As a general matter it appears to the Arbitrator that the Union's position is well founded in principle. If it can be shown that an employee has accepted a temporary promotion into a supervisory position for a definite period of time, it would follow that during that time the individual so scheduled can no longer be entitled to the rights of a bargaining unit employee within the collective agreement, save as they may otherwise be spelled out in its specific terms. For example, Rule 23.27 of the collective agreement makes provision for the return to the bargaining unit for a person temporarily promoted to an official or accepted position. In the Arbitrator's view it is significant that that rule further provides that the Company provide to the Union such particulars as the expected duration of a temporary promotion. Such provisions are consistent with the Union's argument that an employee temporarily promoted to a supervisory position necessarily forfeits certain rights which would otherwise be available to him or her under the collective agreement. It would therefore seem inescapable that an individual who is scheduled to fill a supervisory position on, for example, a thirty day relief assignment, leaves the bargaining unit for all practical purposes during the course of that period.

In the instant case, however, the facts are not so straightforward. Bearing in mind it is the Union which has the burden of proof, the Arbitrator has reason to doubt the merit of its claim on the facts of this case. While the Union's representative seeks to characterize the circumstance of Mr. Jessup as a single temporary promotion to relief foreman, from May 5 to May 12 inclusive, on closer scrutiny, the facts reveal themselves to be otherwise. On balance, I am compelled to accept the Company's characterization of what transpired.
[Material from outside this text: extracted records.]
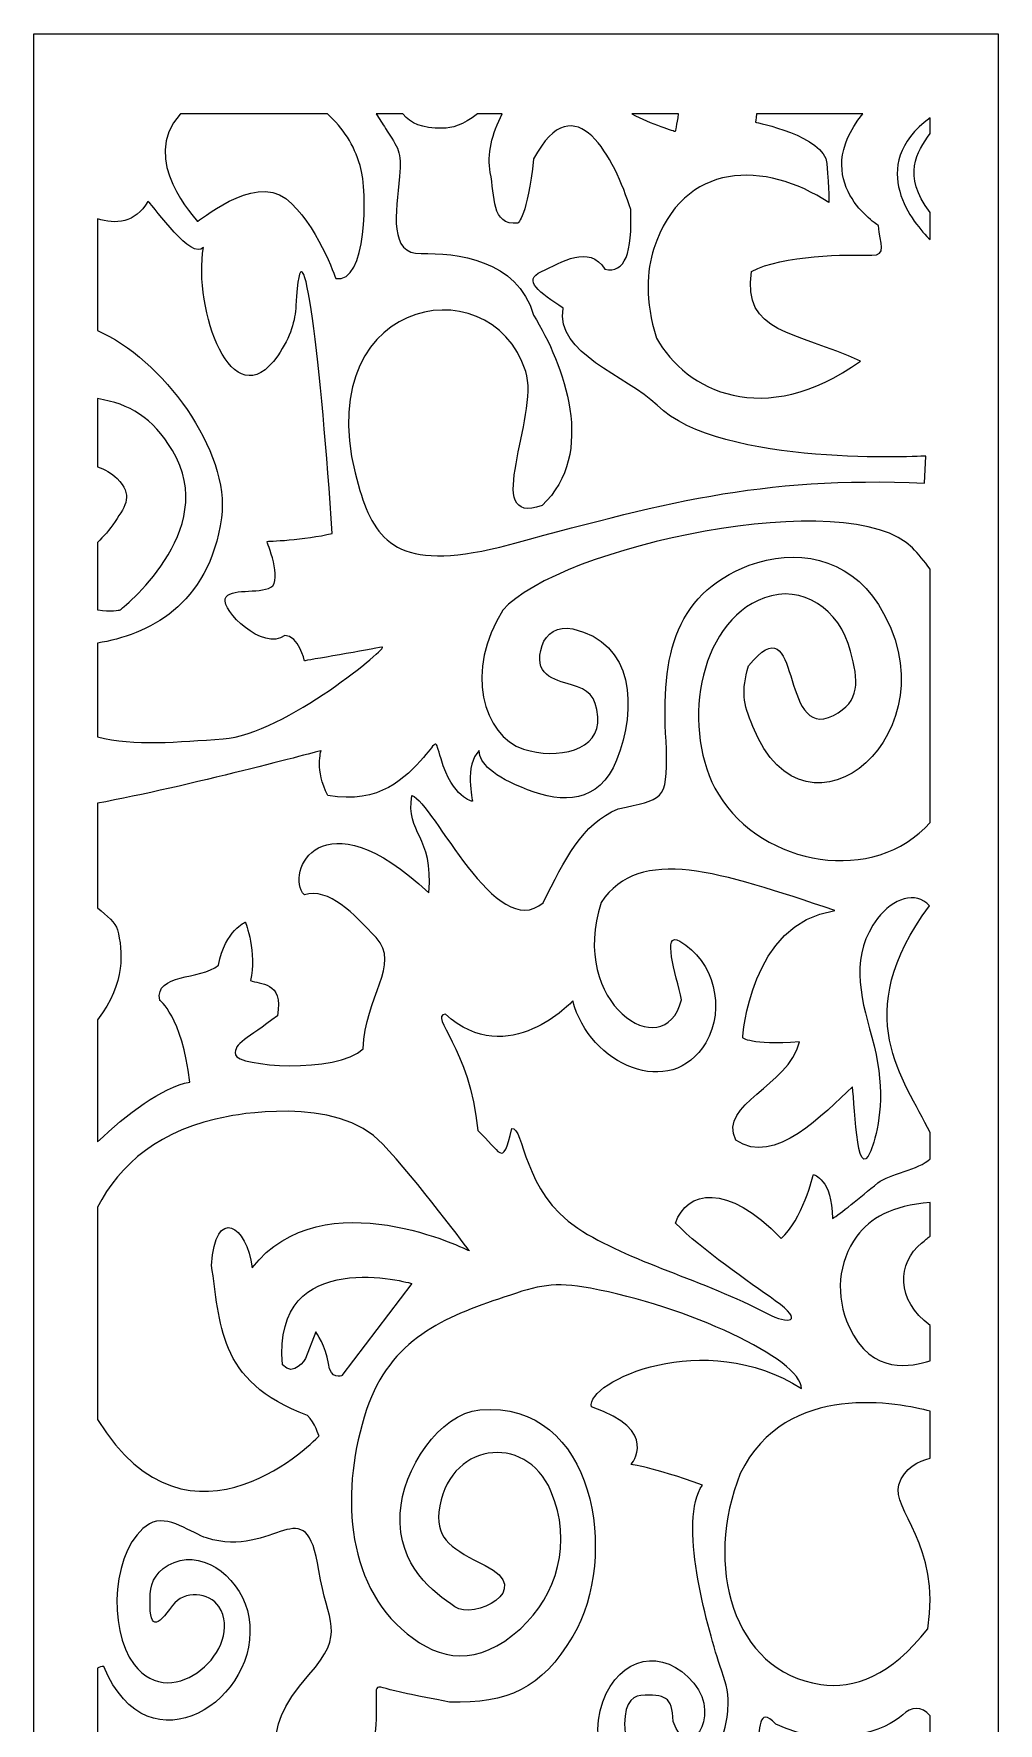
# Model space of a CAD drawing. Header units: centimetres. Extents: x -9.5 to 8.3, y -13.7 to 13.7.
# Drawn here: x -9.54 to -1.69, y -0.02 to 13.72 of the extents above; entities that cross this region are included whole.
import ezdxf

# ---------------------------------------------------------------- set-up
doc = ezdxf.new("R2010")
doc.units = ezdxf.units.CM
doc.header["$MEASUREMENT"] = 0
doc.layers.add('layer 1', color=7, linetype='Continuous')

msp = doc.modelspace()

# ---------------------------------------------------------------- linework, layer by layer
at = {"layer": 'layer 1', "color": 177, "lineweight": 9}
for points, knots in [([(-1.68805, 13.71711), (-1.68805, 13.71711), (-9.53542, 13.71711), (-9.53542, 13.71711), (-9.53542, 13.71711), (-9.53542, 13.71711), (-9.53542, -13.74877), (-9.53542, -13.74877), (-9.53542, -13.74877), (-9.53542, -13.74877), (-1.68805, -13.74877), (-1.68805, -13.74877), (-1.68805, -13.74877), (-1.68805, -13.74877), (-1.68805, 13.71711), (-1.68805, 13.71711)], [0, 0, 0, 0, 0.2, 0.2, 0.2, 0.2, 0.4, 0.4, 0.4, 0.4, 0.6, 0.6, 0.6, 0.6, 1, 1, 1, 1]), ([(-6.74896, 13.065), (-6.74896, 13.065), (-6.53131, 13.065), (-6.53131, 13.065), (-6.53131, 13.065), (-6.46894, 12.98719), (-6.37875, 12.94918), (-6.21063, 12.9489), (-6.21063, 12.9489), (-6.13185, 12.94876), (-6.04248, 12.97473), (-5.92608, 13.065), (-5.92608, 13.065), (-5.92608, 13.065), (-5.72326, 13.065), (-5.72326, 13.065), (-5.72326, 13.065), (-5.80698, 12.91073), (-5.84998, 12.73045), (-5.82113, 12.59059), (-5.82113, 12.59059), (-5.78094, 12.39561), (-5.81676, 12.15941), (-5.59759, 12.17632), (-5.59759, 12.17632), (-5.59759, 12.17632), (-5.51694, 12.23236), (-5.46857, 12.69927), (-5.46857, 12.69927), (-5.12991, 13.33428), (-4.80736, 12.69927), (-4.67833, 12.28839), (-4.67833, 12.28839), (-4.66221, 11.93353), (-4.72673, 11.76545), (-4.88799, 11.8028), (-4.88799, 11.8028), (-5.01701, 12.00824), (-5.24279, 11.85882), (-5.40405, 11.78412), (-5.40405, 11.78412), (-5.56532, 11.70941), (-5.42018, 11.61604), (-5.22665, 11.4853), (-5.22665, 11.4853), (-5.29713, 11.11798), (-4.7093, 10.93571), (-4.46406, 10.69627), (-4.46406, 10.69627), (-3.94472, 10.18911), (-2.2762, 10.28334), (-2.2762, 10.28334), (-2.2762, 10.28334), (-2.2762, 10.28334), (-2.28673, 10.06358), (-2.28673, 10.06358), (-2.28673, 10.06358), (-3.63357, 10.12226), (-4.42965, 9.89777), (-5.74271, 9.54293), (-5.74271, 9.54293), (-6.56997, 9.34274), (-6.75443, 9.5914), (-6.88229, 10.00398), (-6.88229, 10.00398), (-7.36375, 11.55724), (-5.8214, 11.87227), (-5.53253, 10.97244), (-5.53253, 10.97244), (-5.41439, 10.60443), (-5.90604, 9.70163), (-5.40002, 9.88087), (-5.40002, 9.88087), (-4.94992, 10.30726), (-5.22226, 11.02656), (-5.46857, 11.42926), (-5.46857, 11.42926), (-5.59605, 11.88568), (-6.10681, 11.93681), (-6.38401, 11.92955), (-6.38401, 11.92955), (-6.64843, 11.92262), (-6.5881, 12.25718), (-6.55955, 12.55745), (-6.55955, 12.55745), (-6.5399, 12.76431), (-6.56828, 12.7811), (-6.67345, 12.94795), (-6.67345, 12.94795), (-6.69764, 12.98633), (-6.72294, 13.02538), (-6.74896, 13.065)], [0, 0, 0, 0, 0.04166667, 0.04166667, 0.04166667, 0.04166667, 0.08333333, 0.08333333, 0.08333333, 0.08333333, 0.125, 0.125, 0.125, 0.125, 0.16666667, 0.16666667, 0.16666667, 0.16666667, 0.20833333, 0.20833333, 0.20833333, 0.20833333, 0.25, 0.25, 0.25, 0.25, 0.29166667, 0.29166667, 0.29166667, 0.29166667, 0.33333333, 0.33333333, 0.33333333, 0.33333333, 0.375, 0.375, 0.375, 0.375, 0.41666667, 0.41666667, 0.41666667, 0.41666667, 0.45833333, 0.45833333, 0.45833333, 0.45833333, 0.5, 0.5, 0.5, 0.5, 0.54166667, 0.54166667, 0.54166667, 0.54166667, 0.58333333, 0.58333333, 0.58333333, 0.58333333, 0.625, 0.625, 0.625, 0.625, 0.66666667, 0.66666667, 0.66666667, 0.66666667, 0.70833333, 0.70833333, 0.70833333, 0.70833333, 0.75, 0.75, 0.75, 0.75, 0.79166667, 0.79166667, 0.79166667, 0.79166667, 0.83333333, 0.83333333, 0.83333333, 0.83333333, 0.875, 0.875, 0.875, 0.875, 0.91666667, 0.91666667, 0.91666667, 0.91666667, 1, 1, 1, 1]), ([(-8.34138, 13.065), (-8.34138, 13.065), (-7.14602, 13.065), (-7.14602, 13.065), (-7.14602, 13.065), (-7.0168, 12.95005), (-6.93059, 12.81583), (-6.87949, 12.64536), (-6.87949, 12.64536), (-6.8137, 12.42582), (-6.82688, 11.67844), (-7.07811, 11.72695), (-7.07811, 11.72695), (-7.07811, 11.72695), (-7.23467, 12.18018), (-7.48389, 12.37661), (-7.48389, 12.37661), (-7.74797, 12.5847), (-8.207, 12.17247), (-8.207, 12.19386), (-8.207, 12.19386), (-8.207, 12.20785), (-8.68776, 12.69461), (-8.34307, 13.0632), (-8.34307, 13.0632), (-8.34307, 13.0632), (-8.34138, 13.065), (-8.34138, 13.065)], [0, 0, 0, 0, 0.125, 0.125, 0.125, 0.125, 0.25, 0.25, 0.25, 0.25, 0.375, 0.375, 0.375, 0.375, 0.5, 0.5, 0.5, 0.5, 0.625, 0.625, 0.625, 0.625, 0.75, 0.75, 0.75, 0.75, 1, 1, 1, 1]), ([(-4.66917, 13.065), (-4.66917, 13.065), (-4.28905, 13.065), (-4.28905, 13.065), (-4.28905, 13.065), (-4.30018, 12.97678), (-4.31467, 12.9234), (-4.31467, 12.9234), (-4.31467, 12.9234), (-4.31467, 12.9234), (-4.51577, 12.98529), (-4.66917, 13.065)], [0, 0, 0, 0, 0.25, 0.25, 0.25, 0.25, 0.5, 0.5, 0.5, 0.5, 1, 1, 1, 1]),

In fact Mr. Jessup was given two separate temporary relief assignments. The first, confined to May 5, was in North Bay in relief of a foreman absent due to illness. That assignment must, in my view, be taken to have been concluded as of the end of the working day of May 5. Thereafter, Mr. Jessup was assigned to a separate relief assignment in Rouyn, from May 8 to May 12 inclusive.

If, in fact, Mr. Jessup bad been temporarily promoted prior to May 5, or had been so advised in advance, with an understanding that he would be a relief foreman covering the two separate assignments during the period in question, the Brotherhood's case would be more compelling. The evidence necessary to establish that critical fact, however, is not before me. As in any arbitration, where the evidence in respect of a critical element of fact is unproved, the absence of such evidence must weigh against the party bearing the burden of proof. In the circumstances of this case, therefore, I cannot conclude, on the balance of probabilities, that prior to May 5 Mr. Jessup was promoted to relief foreman on the understanding that be would cover two separate assignments during one single temporary promotion. On the contrary, I must find that the Union has not proved that the treatment of Mr. Jessup was other than the completion of two separate and unrelated relief assignments. That being the case, having completed one temporary promotion assignment at the conclusion of May 5, Mr. Jessup would have reverted to his rights under the collective agreement prior to the commencement of a second and separate temporary promotion commencing May 8. On the facts so found, he remained entitled to his rights under the collective agreement as well as the memorandum governing auxiliary service during his regularly scheduled days off, May 6 & 7. For the purposes of clarity, having regard to the reasons related above, the Arbitrator's conclusions might have been entirely otherwise had the evidence confirmed a single and unbroken period of temporary promotion from May 5 through May 12. As it does not, the grievance must be dismissed.

DATED at Toronto this 17th day of September, 1990.